Happy Monday Folks! Take a read of this weeks Blog of The Week, based on helping patients help themselves. As always, let us know how you feel on the topic! From the brilliant minds over at evidenceinmotion.com
The patient-provider alliance is a term that is thrown around quite often in patient care related discussions. It’s a term that highlights the collaborative care model of bringing the patient to the forefront of the treatment decision making process in order to optimise individual patient outcomes and self-efficacy. As many are well aware, the history of healthcare practice shows us that this was not always the way. The provider was often viewed as the expert and the patient seemingly brought nothing more to the table than their injury or illness. This method of direction may work for highly motivated patients in particular, but history has shown that those who suffer from chronic pain have been left in the dust and this has resulted in the billion-dollar issue we face today. This idea of expert driven care for chronic pain continues to plague the healthcare community and physical therapists are no exception. This often leads to unnecessary intervention which ranges from surgery to spinal manipulation. While obviously two different ends of the risk spectrum, I have been taught by mentors and observed first hand that both can equally perpetuate maladaptive coping strategies and low self-efficacy in patients suffering from chronic pain. In the grand scheme of assisting patients in managing their chronic pain, less is often more.
As a new graduate assisting in the management of chronic pain, the idea of being able to “fix” everyone that walked through my doors with manual techniques and my knowledge of exercise, quickly faded. In helping my patients suffering from chronic pain, I still struggle with this idea and I beat myself up weekly wondering if I did all that I could to help my patients. When in actuality I probably did too much. This has unfortunately progressed into periods of mental fatigue, frustration (on both ends) and thoughts of giving up and moving on. The word chronic in healthcare almost seems to have become synonymous with helplessness. Our desire to help end the suffering often leads to fruitless attempts at temporary solutions and poor explanations for why people hurt as well as risky options for masking the pain which are ultimately detrimental to restoring self-efficacy.
Research has shown us that understanding the importance of collaborative care and imparting “self-management education” can be helpful in better understanding perceptions of how chronic disease truly effects the lives of our patients as well as achieving more meaningful outcomes. Published in JAMA in 2002 Bodenheimer et al. cited the work of Corbin and Strauss which described 3 sets of tasks faced by people with chronic conditions: “(1) medical management of the condition such as taking medication, changing diet, or self-monitoring blood sugar; (2) creating and maintaining new meaningful life roles regarding jobs, family and friends; and (3) coping with the anger, fear, frustration, and sadness of having a chronic condition.” As physical therapists I believe that we play a huge role in facilitating tasks 2 and 3 but need to understand that creating meaningful life goals and effective coping strategies is literally, for the manual therapists out there, out of our hands.
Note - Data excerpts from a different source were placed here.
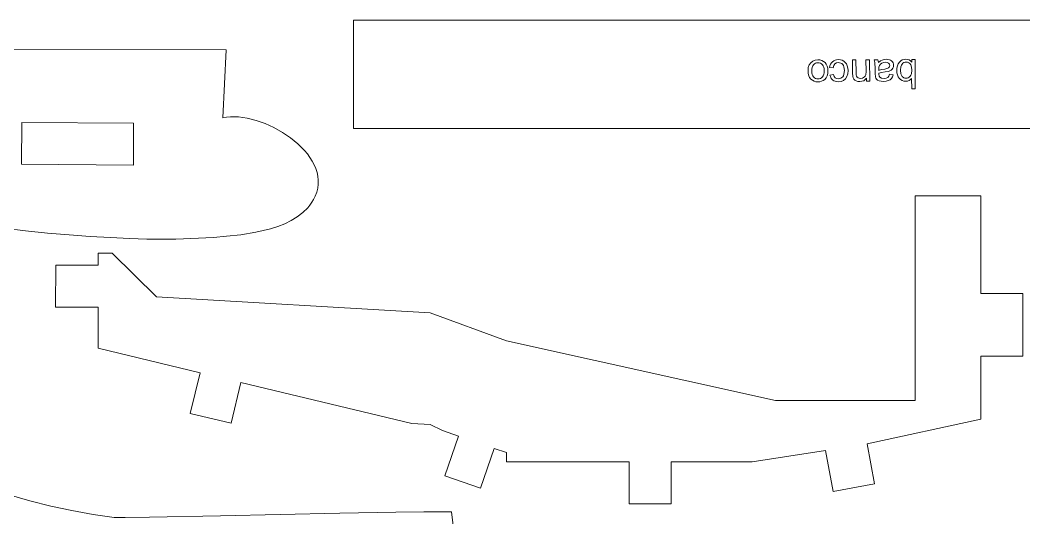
# Model space of a CAD drawing. Header units: centimetres. Extents: x -43.9 to 43.9, y -33.6 to 33.6.
# Drawn here: x 15.7 to 22.96, y -15.05 to -11.45 of the extents above; entities that cross this region are included whole.
import ezdxf

# ---------------------------------------------------------------- set-up
doc = ezdxf.new("R2010")
doc.units = ezdxf.units.CM
doc.header["$MEASUREMENT"] = 0
doc.layers.add('Camada 1', color=7, linetype='Continuous')

msp = doc.modelspace()

# ---------------------------------------------------------------- linework, layer by layer
at = {"layer": 'Camada 1', "color": 3, "lineweight": 9}
for points in [[(18.10866, -11.44953), (18.10866, -11.44953), (26.05467, -11.44955), (26.05467, -11.44955)], [(18.10866, -12.23492), (18.10866, -12.23492), (18.10866, -11.44953), (18.10866, -11.44953)], [(17.1878, -11.66483), (17.1878, -11.66483), (14.66732, -11.66026), (14.66732, -11.66026)], [(17.16448, -12.15666), (17.16448, -12.15666), (17.1878, -11.66483), (17.1878, -11.66483)], [(17.19102, -12.152), (17.19102, -12.152), (17.16448, -12.15666), (17.16448, -12.15666)], [(17.21891, -12.14952), (17.21891, -12.14952), (17.19102, -12.152), (17.19102, -12.152)], [(17.24794, -12.14912), (17.24794, -12.14912), (17.21891, -12.14952), (17.21891, -12.14952)], [(17.27798, -12.15077), (17.27798, -12.15077), (17.24794, -12.14912), (17.24794, -12.14912)], [(17.34032, -12.15982), (17.34032, -12.15982), (17.27798, -12.15077), (17.27798, -12.15077)], [(17.40461, -12.17611), (17.40461, -12.17611), (17.34032, -12.15982), (17.34032, -12.15982)], [(17.46946, -12.19906), (17.46946, -12.19906), (17.40461, -12.17611), (17.40461, -12.17611)], [(17.53353, -12.22807), (17.53353, -12.22807), (17.46946, -12.19906), (17.46946, -12.19906)], [(17.59546, -12.26258), (17.59546, -12.26258), (17.53353, -12.22807), (17.53353, -12.22807)], [(17.65389, -12.30199), (17.65389, -12.30199), (17.59546, -12.26258), (17.59546, -12.26258)], [(26.05467, -12.23492), (26.05467, -12.23492), (18.10866, -12.23492), (18.10866, -12.23492)], [(17.70746, -12.34575), (17.70746, -12.34575), (17.65389, -12.30199), (17.65389, -12.30199)], [(17.73201, -12.36906), (17.73201, -12.36906), (17.70746, -12.34575), (17.70746, -12.34575)], [(17.75483, -12.39325), (17.75483, -12.39325), (17.73201, -12.36906), (17.73201, -12.36906)], [(17.77577, -12.41822), (17.77577, -12.41822), (17.75483, -12.39325), (17.75483, -12.39325)], [(17.79464, -12.44392), (17.79464, -12.44392), (17.77577, -12.41822), (17.77577, -12.41822)], [(17.81128, -12.47026), (17.81128, -12.47026), (17.79464, -12.44392), (17.79464, -12.44392)], [(17.82552, -12.49719), (17.82552, -12.49719), (17.81128, -12.47026), (17.81128, -12.47026)], [(17.83719, -12.5246), (17.83719, -12.5246), (17.82552, -12.49719), (17.82552, -12.49719)], [(17.84612, -12.55245), (17.84612, -12.55245), (17.83719, -12.5246), (17.83719, -12.5246)], [(17.85214, -12.58067), (17.85214, -12.58067), (17.84612, -12.55245), (17.84612, -12.55245)], [(17.85509, -12.60917), (17.85509, -12.60917), (17.85214, -12.58067), (17.85214, -12.58067)], [(17.85479, -12.63787), (17.85479, -12.63787), (17.85509, -12.60917), (17.85509, -12.60917)], [(17.8327, -12.72454), (17.8327, -12.72454), (17.84376, -12.69563), (17.84376, -12.69563)], [(17.84376, -12.69563), (17.84376, -12.69563), (17.85107, -12.66671), (17.85107, -12.66671)], [(17.85107, -12.66671), (17.85107, -12.66671), (17.85479, -12.63787), (17.85479, -12.63787)], [(17.79402, -12.78933), (17.79402, -12.78933), (17.80841, -12.76898), (17.80841, -12.76898)], [(17.80841, -12.76898), (17.80841, -12.76898), (17.82132, -12.7474), (17.82132, -12.7474)], [(17.82132, -12.7474), (17.82132, -12.7474), (17.8327, -12.72454), (17.8327, -12.72454)], [(22.17233, -12.7223), (22.17233, -12.7223), (22.17172, -14.20436), (22.17172, -14.20436)], [(22.64695, -12.72245), (22.64695, -12.72245), (22.17233, -12.7223), (22.17233, -12.7223)], [(22.64664, -13.42817), (22.64664, -13.42817), (22.64695, -12.72245), (22.64695, -12.72245)], [(17.70288, -12.87402), (17.70288, -12.87402), (17.74285, -12.84341), (17.74285, -12.84341)], [(17.74285, -12.84341), (17.74285, -12.84341), (17.77824, -12.80849), (17.77824, -12.80849)], [(17.77824, -12.80849), (17.77824, -12.80849), (17.79402, -12.78933), (17.79402, -12.78933)], [(17.6117, -12.92369), (17.6117, -12.92369), (17.65894, -12.90068), (17.65894, -12.90068)], [(17.65894, -12.90068), (17.65894, -12.90068), (17.70288, -12.87402), (17.70288, -12.87402)], [(15.58028, -12.95655), (15.58028, -12.95655), (15.73844, -12.97529), (15.73844, -12.97529)], [(15.73844, -12.97529), (15.73844, -12.97529), (15.89697, -12.99141), (15.89697, -12.99141)], [(15.89697, -12.99141), (15.89697, -12.99141), (16.0536, -13.00497), (16.0536, -13.00497)], [(17.29428, -13.00322), (17.29428, -13.00322), (17.4023, -12.98572), (17.4023, -12.98572)], [(17.4023, -12.98572), (17.4023, -12.98572), (17.45644, -12.97408), (17.45644, -12.97408)], [(17.45644, -12.97408), (17.45644, -12.97408), (17.5098, -12.96007), (17.5098, -12.96007)], [(17.5098, -12.96007), (17.5098, -12.96007), (17.56177, -12.94338), (17.56177, -12.94338)], [(17.56177, -12.94338), (17.56177, -12.94338), (17.6117, -12.92369), (17.6117, -12.92369)], [(16.0536, -13.00497), (16.0536, -13.00497), (16.20604, -13.01604), (16.20604, -13.01604)], [(16.20604, -13.01604), (16.20604, -13.01604), (16.35198, -13.02468), (16.35198, -13.02468)], [(16.35198, -13.02468), (16.35198, -13.02468), (16.48916, -13.03095), (16.48916, -13.03095)], [(16.48916, -13.03095), (16.48916, -13.03095), (16.61528, -13.0349), (16.61528, -13.0349)], [(16.61528, -13.0349), (16.61528, -13.0349), (16.72804, -13.0366), (16.72804, -13.0366)], [(16.72804, -13.0366), (16.72804, -13.0366), (16.82517, -13.0361), (16.82517, -13.0361)], [(16.82517, -13.0361), (16.82517, -13.0361), (17.09705, -13.02401), (17.09705, -13.02401)], [(17.09705, -13.02401), (17.09705, -13.02401), (17.19083, -13.01512), (17.19083, -13.01512)], [(17.19083, -13.01512), (17.19083, -13.01512), (17.29428, -13.00322), (17.29428, -13.00322)], [(16.26279, -13.13773), (16.26279, -13.13773), (16.26224, -13.22378), (16.26224, -13.22378)], [(16.3639, -13.13776), (16.3639, -13.13776), (16.26279, -13.13773), (16.26279, -13.13773)], [(16.68403, -13.45399), (16.68403, -13.45399), (16.3639, -13.13776), (16.3639, -13.13776)], [(15.95583, -13.22368), (15.95583, -13.22368), (15.95539, -13.52821), (15.95539, -13.52821)], [(16.26224, -13.22378), (16.26224, -13.22378), (15.95583, -13.22368), (15.95583, -13.22368)], [(22.95009, -13.42827), (22.95009, -13.42827), (22.64664, -13.42817), (22.64664, -13.42817)], [(22.94989, -13.88344), (22.94989, -13.88344), (22.95009, -13.42827), (22.95009, -13.42827)], [(18.66319, -13.56857), (18.66319, -13.56857), (16.68403, -13.45399), (16.68403, -13.45399)], [(15.95539, -13.52821), (15.95539, -13.52821), (16.26177, -13.52831), (16.26177, -13.52831)], [(16.26177, -13.52831), (16.26177, -13.52831), (16.26171, -13.82493), (16.26171, -13.82493)], [(19.21561, -13.77147), (19.21561, -13.77147), (18.66319, -13.56857), (18.66319, -13.56857)], [(21.16026, -14.20404), (21.16026, -14.20404), (19.21561, -13.77147), (19.21561, -13.77147)], [(16.26171, -13.82493), (16.26171, -13.82493), (16.99974, -14.00366), (16.99974, -14.00366)], [(22.64625, -14.33851), (22.64625, -14.33851), (22.64645, -13.88335), (22.64645, -13.88335)], [(22.64645, -13.88335), (22.64645, -13.88335), (22.94989, -13.88344), (22.94989, -13.88344)], [(16.99974, -14.00366), (16.99974, -14.00366), (16.9289, -14.2987), (16.9289, -14.2987)], [(17.22417, -14.36872), (17.22417, -14.36872), (17.29479, -14.07451), (17.29479, -14.07451)], [(17.29479, -14.07451), (17.29479, -14.07451), (18.53093, -14.3701), (18.53093, -14.3701)], [(22.17172, -14.20436), (22.17172, -14.20436), (21.16026, -14.20404), (21.16026, -14.20404)], [(16.9289, -14.2987), (16.9289, -14.2987), (17.22417, -14.36872), (17.22417, -14.36872)], [(18.53093, -14.3701), (18.53093, -14.3701), (18.66296, -14.37774), (18.66296, -14.37774)], [(21.82368, -14.51797), (21.82368, -14.51797), (22.64625, -14.33851), (22.64625, -14.33851)], [(18.66296, -14.37774), (18.66296, -14.37774), (18.75208, -14.42121), (18.75208, -14.42121)], [(18.75208, -14.42121), (18.75208, -14.42121), (18.8679, -14.46107), (18.8679, -14.46107)], [(18.8679, -14.46107), (18.8679, -14.46107), (18.76917, -14.74799), (18.76917, -14.74799)], [(21.8777, -14.80771), (21.8777, -14.80771), (21.82368, -14.51797), (21.82368, -14.51797)], [(19.02844, -14.8372), (19.02844, -14.8372), (19.12718, -14.55029), (19.12718, -14.55029)], [(19.12718, -14.55029), (19.12718, -14.55029), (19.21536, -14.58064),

The key to effective self-management strategies as described by Bodenheimer et al. include traditional education including injury specific information and technical skill, complimented with education on problem solving skills to help patients make decisions, take appropriate actions, and alter these actions as they encounter changes in circumstances or disease. As PTs we often look to the big picture when we generate goals for our patients. Lofty goals are great to have but can be detrimental to the patient in chronic pain, in terms of self-efficacy, if the patient is unable to successfully achieve them. If we ask our patients to walk for 30 minutes a day and they give up at 15 minutes, the likely hood of continuing on the exercise plan is low. If the patient and provider collaboratively agree that exercise is beneficial and set short term action plans (ie. 8-10 minutes per day) the patient is likely to succeed and may later propose a revised action plan to walk more. The important aspect of creating the short term action plan requires the plan be developed by the patient and motivational interviewing will play a key role in extracting this information. When a patient tells us, “I just can’t make it to 30 minutes.” Instead of “well how about 15 minutes”, we say something like “what do you feel would be more achievable time?”, allowing the patient to propose a solution and become more accountable. In a busy clinic environment, we are often propelled to quickly give our patients the answers and this does little if anything for establishing an environment for behaviour change. Similar direction of care is applied when we impart passive treatment interventions.
In summary, we need to be cognisant about stepping out of the driver’s seat and allowing our patients to steer the bus towards their goal destinations which is facilitated by skills of motivational interviewing. It is less about what we can do for our patients and more about extracting self-directed achievable and meaningful goals. Having just completed my manual therapy certification, the greatest skill development I have taken away is not necessarily in how well I can manipulate but in understanding when and with who and why these techniques are appropriate. Keeping self-efficacy and self-management strategies in mind, the matter is often literally out of our hands and a less is more approach can be more effective.